Hiscox leans into hard market to record strong half-year profit
Bermuda-based Hiscox rode a $300 million turnaround in investment income and the hard market in property insurance to produce a near eight-fold improvement in net income in the first half of the year.
The specialty re/insurer recorded a $250 million net profit compared to $33.6 million in 2022.
Investment income was $121.8 million compared to a loss of $214.1 million due to improved yields from bond investments.
Insurance revenue rose 3.2% to $1.94 billion from $1.88 billion and Hiscox’s insurance service result was $221.4 million compared to $140.2 million in 2022.
Chief executive Aki Hussein said: “The group delivered continued growth and strong profits in the first six months of the year, as we benefited from sustained momentum across our retail businesses, a proactive approach to (re)insurance cycle management in big-ticket, continued underwriting discipline, and a positive rating environment that persists across all business segments.
“Losses were within our expectations and we deployed incremental capital judiciously where we saw attractive opportunities.
“Profit before tax of $264.8 million is a combined effect of the insurance service result of $221.4 million, up 57.9% on the prior period, and the improved investment result of $121.8 million, as higher bond reinvestment yields begin to earn through.”
He said rates in property lines had remained particularly buoyant in both reinsurance and primary lines.
He said: “Hiscox Re & ILS benefitted from an average rate increase of 34%, with positive trends experienced in all lines of business - most notably in North American natural catastrophe (up 43%) and retrocession (up 42%). This is the sixth successive year of rate improvement in Hiscox Re & ILS with cumulative rate increases of 95% since 2018.”
Hussein added: “Our reinsurance business is leaning into the hard market in a focused way and enjoying some of the best market conditions in over a decade. Our London Market business has returned to growth, as we believe the property book is priced adequately following significant re-rating and we are benefitting from attractive new growth opportunities in upstream energy, marine and renewables.
“In retail, the opportunity remains significant, particularly in the USA, as the digitalisation of small businesses continues to accelerate and new business formation levels remain strong.”
Hussein said Hiscox had experienced “downward pressure on rates in certain segments of our cyber portfolio, we have remained disciplined and accepted a decline in share to maintain quality of earnings”.
He added: “As previously disclosed, we have also been exiting some non-core underwriting partnerships in the UK which are outside of our risk appetite. These two factors, which we consider to be transitory, have tempered headline growth in order to maintain quality of earnings.”
He said technology investments were paying off in the US, with “digital direct now achieving double-digit growth and digital partnerships gaining momentum in the second quarter”.

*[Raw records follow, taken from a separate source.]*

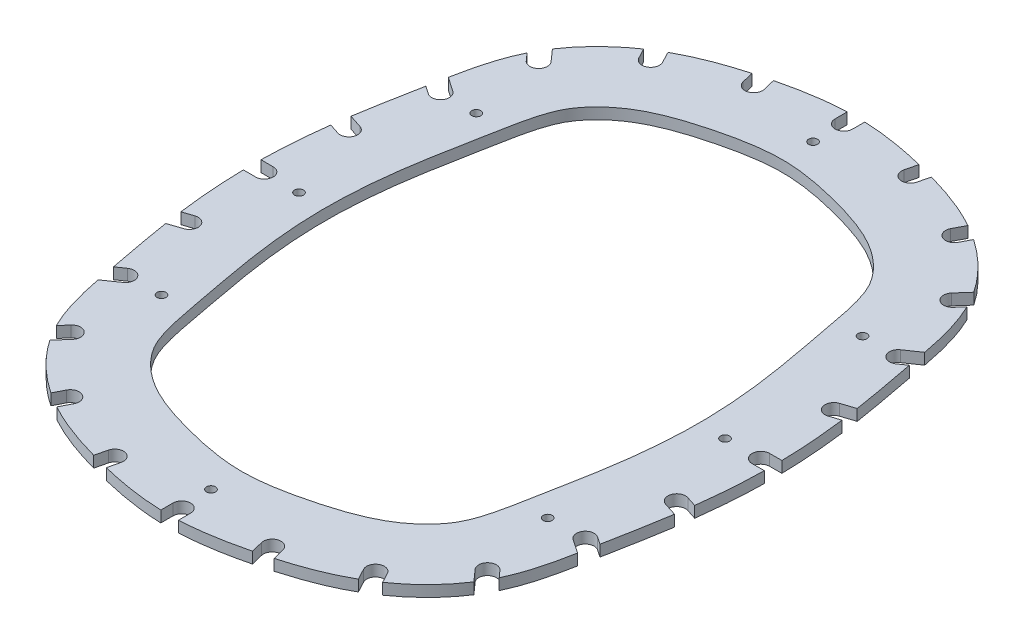
SolidWorks part; units mm, degrees
ref_plane "Front Plane" through (0, 0, 0) normal (0, 0, 1) x (1, 0, 0)
ref_plane "Top Plane" through (0, 0, 0) normal (0, 1, 0) x (1, 0, 0)
ref_plane "Right Plane" through (0, 0, 0) normal (1, 0, 0) x (0, 0, -1)
sketch "MainControlPoints" plane through (0, 0, 0) normal (0, 1, 0) x (1, 0, 0)
  line L1 (0, 188.5) -> (0, 0) construction
  line L2 (-44.5, 181.8105) -> (44.5, 181.8105) construction
  line L9 (-141, 0) -> (141, 0) construction
  line L10 (-86.25, 165.0195) -> (86.25, 165.0195) construction
  line L11 (-117.5, 132.6399) -> (117.5, 132.6399) construction
  line L12 (-130, 89.4108) -> (130, 89.4108) construction
  line L13 (-137.75, 45.0832) -> (137.75, 45.0832) construction
  spline S0 degree 3 poles (-44.8235, 182.8439) (0, 191.3281) (44.8235, 182.8439) (87.706, 168.1591) (121.8523, 134.6364) (129.8847, 89.1344) (138.6218, 45.2258) (142.1917, 0) (138.6218, -45.2258) (129.8847, -89.1344) (121.8523, -134.6364) (87.706, -168.1591) (44.8235, -182.8439) (0, -191.3281) (-44.8235, -182.8439) (-87.706, -168.1591) (-121.8523, -134.6364) (-129.8847, -89.1344) (-138.6218, -45.2258) (-142.1917, 0) (-138.6218, 45.2258) (-129.8847, 89.1344) (-121.8523, 134.6364) (-87.706, 168.1591) (-44.8235, 182.8439) (0, 191.3281) (44.8235, 182.8439) knots -0.124907 -0.083272 -0.041636 0 0.041636 0.083272 0.124907 0.166543 0.208179 0.25 0.291821 0.333457 0.375093 0.416728 0.458364 0.5 0.541636 0.583272 0.624907 0.666543 0.708179 0.75 0.791821 0.833457 0.875093 0.916728 0.958364 1 1.041636 1.083272 1.124907 only from (0, 188.5) to (0, 188.5)
  point P4 (0, 181.8105)
  point P7 (0, 0)
  point P8 (141, 0)
  point P9 (-141, 0)
  point P11 (44.5, 181.8105)
  point P14 (86.25, 165.0195)
  point P15 (0, 165.0195)
  point P16 (117.5, 132.6399)
  point P17 (130, 89.4108)
  point P18 (-44.5, 181.8105)
  point P19 (-86.25, 165.0195)
  point P20 (-117.5, 132.6399)
  point P23 (0, 132.6399)
  point P24 (137.75, 45.0832)
  point P25 (-130, 89.4108)
  point P26 (-137.75, 45.0832)
  point P27 (0, 188.5)
  point P30 (0, 89.4108)
  point P33 (0, 45.0832)
  point P34 (137.75, -45.0832)
  point P35 (130, -89.4108)
  point P36 (117.5, -132.6399)
  point P37 (86.25, -165.0195)
  point P38 (44.5, -181.8105)
  point P39 (0, -188.5)
  point P40 (-44.5, -181.8105)
  point P41 (-86.25, -165.0195)
  point P42 (-117.5, -132.6399)
  point P43 (-130, -89.4108)
  point P44 (-137.75, -45.0832)
  dimension "D3" = 282
  dimension "D2" = 188.5
  dimension "D5" = 45
  dimension "D6" = 45
  dimension "D1" = 89
  dimension "D4" = 172.5
  dimension "D7" = 45
  dimension "D8" = 235
  dimension "D9" = 45
  dimension "D10" = 260
  dimension "D11" = 45
  dimension "D12" = 275.5
ref_axis "Axis1" through (0, 0, -188.5) along (0, 1, 0)
ref_axis "Axis2" through (44.5, 0, -181.8105) along (0, 1, 0)
ref_axis "Axis3" through (86.25, 0, -165.0195) along (0, 1, 0)
ref_axis "Axis4" through (117.5, 0, -132.6399) along (0, 1, 0)
ref_axis "Axis5" through (130, 0, -89.4108) along (0, 1, 0)
ref_axis "Axis6" through (137.75, 0, -45.0832) along (0, 1, 0)
ref_axis "Axis7" through (141, 0, 0) along (0, 1, 0)
ref_axis "Axis8" through (137.75, 0, 45.0832) along (0, 1, 0)
ref_axis "Axis9" through (130, 0, 89.4108) along (0, 1, 0)
ref_axis "Axis10" through (117.5, 0, 132.6399) along (0, 1, 0)
ref_axis "Axis11" through (86.25, 0, 165.0195) along (0, 1, 0)
ref_axis "Axis12" through (44.5, 0, 181.8105) along (0, 1, 0)
ref_axis "Axis13" through (0, 0, 188.5) along (0, 1, 0)
ref_axis "Axis14" through (-44.5, 0, 181.8105) along (0, 1, 0)
ref_axis "Axis15" through (-86.25, 0, 165.0195) along (0, 1, 0)
ref_axis "Axis16" through (-117.5, 0, 132.6399) along (0, 1, 0)
ref_axis "Axis17" through (-130, 0, 89.4108) along (0, 1, 0)
ref_axis "Axis18" through (-137.75, 0, 45.0832) along (0, 1, 0)
ref_axis "Axis19" through (-141, 0, 0) along (0, 1, 0)
ref_axis "Axis20" through (-137.75, 0, -45.0832) along (0, 1, 0)
ref_axis "Axis21" through (-130, 0, -89.4108) along (0, 1, 0)
ref_axis "Axis22" through (-117.5, 0, -132.6399) along (0, 1, 0)
ref_axis "Axis23" through (-86.25, 0, -165.0195) along (0, 1, 0)
ref_axis "Axis24" through (-44.5, 0, -181.8105) along (0, 1, 0)
sketch "Sketch3" plane through (0, 0, 0) normal (0, 1, 0) x (1, 0, 0)
  spline S2 degree 3 poles (44.8235, 182.8439) (0, 191.3281) (-44.8235, 182.8439) (-87.706, 168.1591) (-121.8523, 134.6364) (-129.8847, 89.1344) (-138.6218, 45.2258) (-142.1917, 0) (-138.6218, -45.2258) (-129.8847, -89.1344) (-121.8523, -134.6364) (-87.706, -168.1591) (-44.8235, -182.8439) (0, -191.3281) (44.8235, -182.8439) (87.706, -168.1591) (121.8523, -134.6364) (129.8847, -89.1344) (138.6218, -45.2258) (142.1917, 0) (138.6218, 45.2258) (129.8847, 89.1344) (121.8523, 134.6364) (87.706, 168.1591) (44.8235, 182.8439) (0, 191.3281) (-44.8235, 182.8439) knots -0.124907 -0.083272 -0.041636 0 0.041636 0.083272 0.124907 0.166543 0.208179 0.25 0.291821 0.333457 0.375093 0.416728 0.458364 0.5 0.541636 0.583272 0.624907 0.666543 0.708179 0.75 0.791821 0.833457 0.875093 0.916728 0.958364 1 1.041636 1.083272 1.124907 only from (0, 188.5) to (0, 188.5)
  spline S3 degree 3 poles (44.8235, 182.8439) (0, 191.3281) (-44.8235, 182.8439) (-87.706, 168.1591) (-121.8523, 134.6364) (-129.8847, 89.1344) (-138.6218, 45.2258) (-142.1917, 0) (-138.6218, -45.2258) (-129.8847, -89.1344) (-121.8523, -134.6364) (-87.706, -168.1591) (-44.8235, -182.8439) (0, -191.3281) (44.8235, -182.8439) (87.706, -168.1591) (121.8523, -134.6364) (129.8847, -89.1344) (138.6218, -45.2258) (142.1917, 0) (138.6218, 45.2258) (129.8847, 89.1344) (121.8523, 134.6364) (87.706, 168.1591) (44.8235, 182.8439) (0, 191.3281) (-44.8235, 182.8439) knots -0.124907 -0.083272 -0.041636 0 0.041636 0.083272 0.124907 0.166543 0.208179 0.25 0.291821 0.333457 0.375093 0.416728 0.458364 0.5 0.541636 0.583272 0.624907 0.666543 0.708179 0.75 0.791821 0.833457 0.875093 0.916728 0.958364 1 1.041636 1.083272 1.124907 only from (0, 188.5) to (0, 188.5)
  dimension "D1" = 0
extrude "MainBody" add sketch "Sketch3" along normal blind 6.35
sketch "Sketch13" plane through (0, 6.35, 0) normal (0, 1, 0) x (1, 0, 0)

He added: “Cyber reinsurance continues to benefit from notable rate increases (25% at half year), and our terror business saw rates increase by 31%. Importantly, in these hard market conditions we have improved the quality of our book by significantly removing aggregate contracts and moving to higher attachment points.
“Hiscox London Market achieved a 9% rate increase in the first half of 2023, with an overall 72% cumulative rate increase since 2018. Property lines are seeing the strongest increases, with 27% in household and 23% in major property, and we see the potential for further rate hardening through the rest of the year. Terrorism rates are up 15%, as expected, driven by geopolitical uncertainty, which allowed us to maintain top-line premiums whilst reducing exposure, thus further increasing the overall profitability of the portfolio.
“In contrast, casualty lines, in particular D&O and cyber, continue to see rate decreases. Overall, we expect London Market rates to continue their current trajectory for the remainder of 2023.”
Hiscox’s undiscounted combined ratio was 90.2%, down from 92.7% in 2022.